Traduction: Gabriel Rebourcet
Editeur: Atelier La Feugraie
Collection: Allure Du Chemin (l')
Nombre de pages: 96 pages
ISBN: 2905408561
LES MAINS
J’observe mes mains. Je les regarde
comme un miroir,
une carte de l’univers
- la crête des veines et les ornements
de l’épiderme, les poils, les ongles luisants.
Je dévale les adrets jusque dans la forêt sauvage,
je chemine depuis les savanes jusqu’aux rochers du rivage.
Ces derniers temps, de petites tavelures
m’ont rappelé que le temps s’écoule.
Vous avez donc fini par fleurir, leur dis-je pour les consoler.
Les longues soirées sont revenues. Merci, puisque vous me
laissez vous regarder. Ne bougez plus. Restons ainsi.
INSOMNIA
Les jours gris je les supporte bien, vraiment. Le ciel est au plus
bas, je sais le prévoir, et la distance qui me
sépare de ceux que j’aime est la même que
jusqu’en Océanie, à ces voûtes célestes, au
faîte de l’arc en ciel,
au temps même de la jeunesse, mais comme
son manteau pour celui qui se meurt de froid, ou sa planche
de salut pour le naufragé qui se noie, on a volé aux
insomniaques
la clé de la ténébreuse forteresse, dont les
hautes tours
découvrent tout le globe de la terre, même dans
l’obscurité,
quand notre planète sombre sous les cris de
souffrance. Il y a longtemps, très longtemps, une main
fraîche se posait sur ce front. Une voix disait : Dors !
Il y avait quelqu’un.
LE PREMIER SENS
Tu es incroyablement proche encore un instant,
tu es une illusion, une voix, un parfum presque.
Il manque seulement le toucher, le plus primitif de tous les sens,
mais celui précisément dont usa Dieu pour façonner
l’argile,
par qui le ver sait qu’il existe, celui qui porte la douleur
quand on torture ou quand on aime, par qui tu me manques
fuyant loin de mon être, la ligne tendre de ton aine,
et ta main rugueuse.
( Ecrit après une conversation téléphonique. )
Images naturelles - N° 1
Malade le renard se retire dans le tréfonds de son terrier.
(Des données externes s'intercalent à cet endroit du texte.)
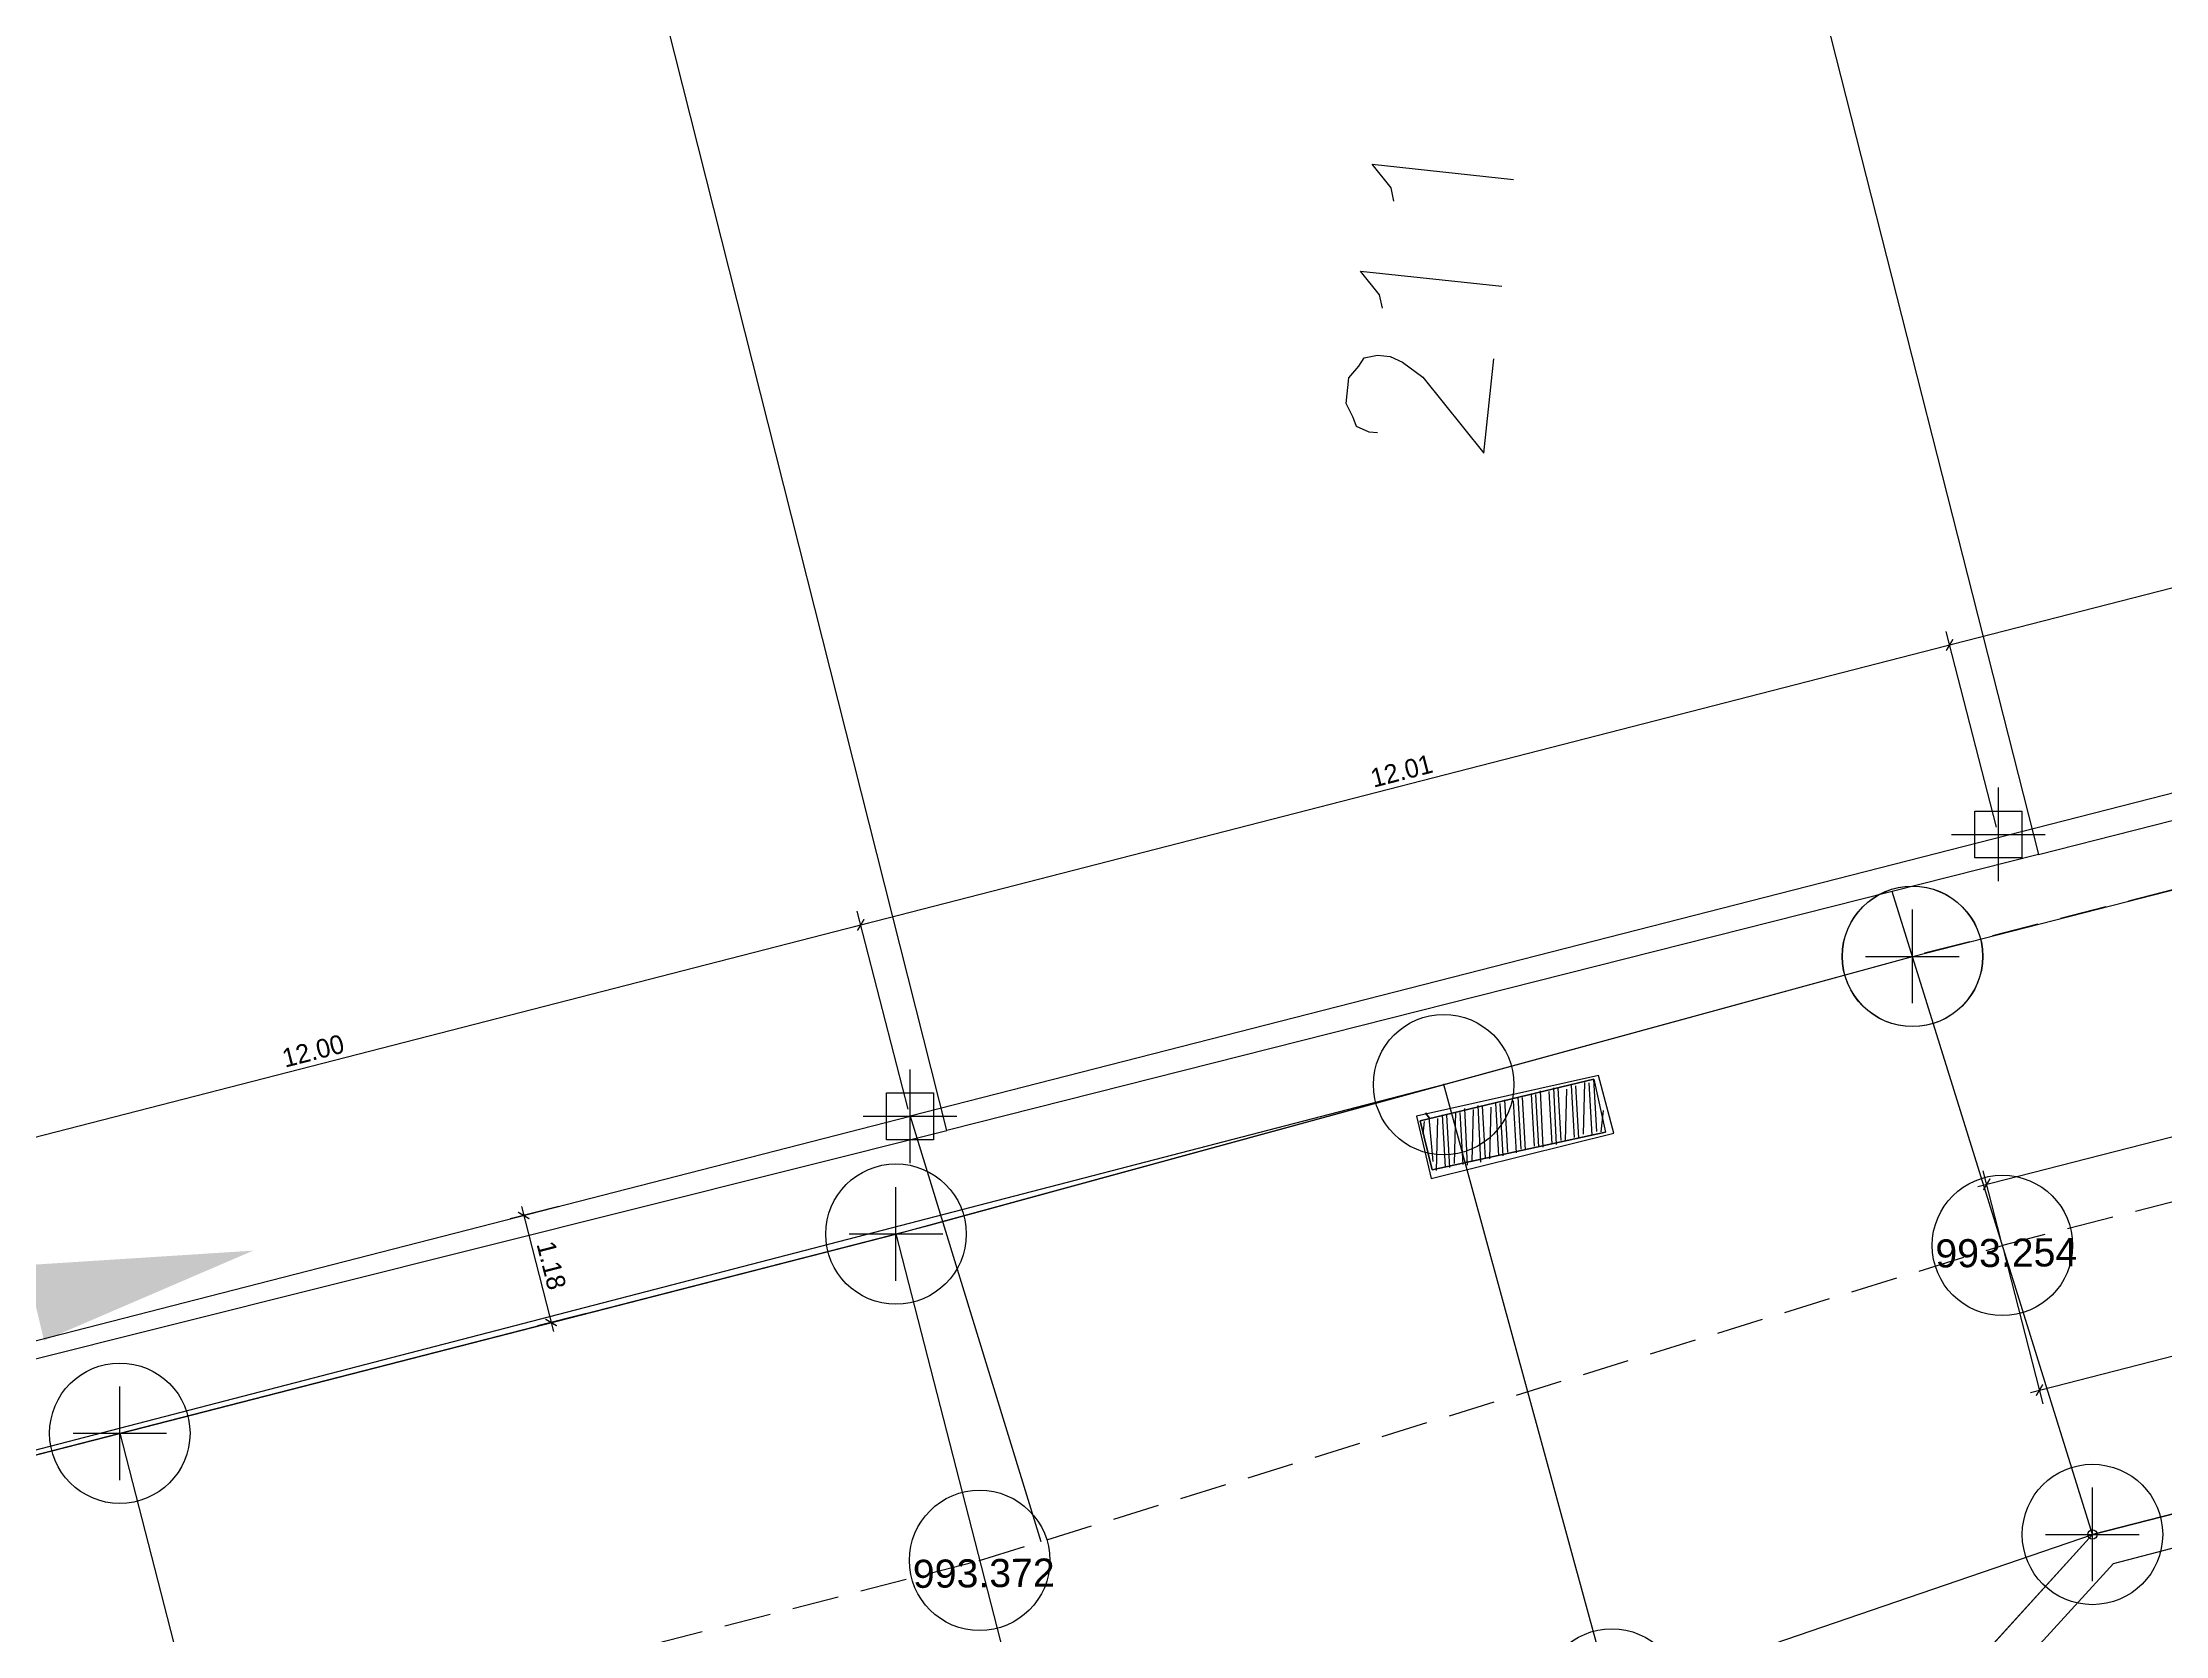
# Model space of a CAD drawing. Header units: metres. Extents: x 678 to 2349, y 417 to 1219.
# Drawn here: x 956.68 to 979.36, y 1132.51 to 1149.53 of the extents above; entities that cross this region are included whole.
import ezdxf

# ---------------------------------------------------------------- set-up
doc = ezdxf.new("R2010")
doc.units = ezdxf.units.M
doc.header["$PDMODE"] = 32
doc.header["$PDSIZE"] = 1.5
doc.linetypes.add('DASHED', pattern=[0.75, 0.5, -0.25])
for name, color, linetype in [('12-CONDICIONES EXISTENTES', 2, 'Continuous'), ('C-ROAD-PROF-TEXT', 11, 'Continuous'), ('LOTE 243', 1, 'Continuous'), ('PUNTOS V', 4, 'Continuous'), ('V-NODE', 1, 'Continuous'), ('V-SITE-VEGE', 80, 'Continuous')]:
    doc.layers.add(name, color=color, linetype=linetype)
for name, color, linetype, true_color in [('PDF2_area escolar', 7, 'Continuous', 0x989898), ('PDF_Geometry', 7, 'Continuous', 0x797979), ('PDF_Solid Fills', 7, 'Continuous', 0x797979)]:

Sa
fourrure se détache comme une quenouille, poissée de
pluie, la mort se rapproche. Un haut pin veille sur l’éboulis de
rochers, dans l’aiguillée verte les bijoux perlés de la
pluie scintillent sur ce jour ultime. C’est une sorte de fête.
Une corneille lui rend visite, elle chantonne. Adieu, murmurent la
forêt et le monde alentour. Une âme se détache de sa
trousse de chair et crie en s’en allant: Pourquoi ? Pourquoi y a
t-il encore des étoiles ? Pourquoi faut-il tomber si bas ?
Images naturelles - N° 3
La feuille du pommier se détache petit à petit.
Inévitable destinée, depuis longtemps. L’arbre l’a
rejetée sans même lui dire merci. Jadis déjà
elle s’est extirpée de l’arbre toute seule, destin toujours
inévitable. L’arbre le voulait ainsi, la feuille est née,
sans le vouloir, elle a répondu d’elle-même, quand on lui
a commandé. L’arbre, quelqu’un. En ce temps-là, le monde
avait un autre parfum, la lumière ruisselait. Les nuits
échevelées viraient au jour, vint le temps des fleurs.
Les abeilles, puis les fruits verts. Un duvet tendre recouvrait encore
sa peau, avant que n’apparaissent les taches rouillées. Le temps
est passé de plus en plus vite, le temps fuyard. Aujourd’hui
donc il faut choir, ce soir elle tombe à terre. L’arbre ne
bronche pas, l’arbre demeure. Toute chose a un sens, et l’arbre le sait.
Images naturelles - N° 15
L’oiseau est un génial bouquet de plumes avec un peu de chair,
une fleur rouge dans le flanc, pleine de sang.
Le hérisson tourne la nuit dans le quartier comme un gendarme
affairé,
il en reste une tache en galette sur l’asphalte. Le chien dort
comme il dormirait au bord d’une route, l’âne fait de même,
les yeux solennels du chameau bougent encore,
et puis des douzaines de chats et des lapins. Des autos.
Les hommes ont des dieux, mais ils ne s’en servent pas.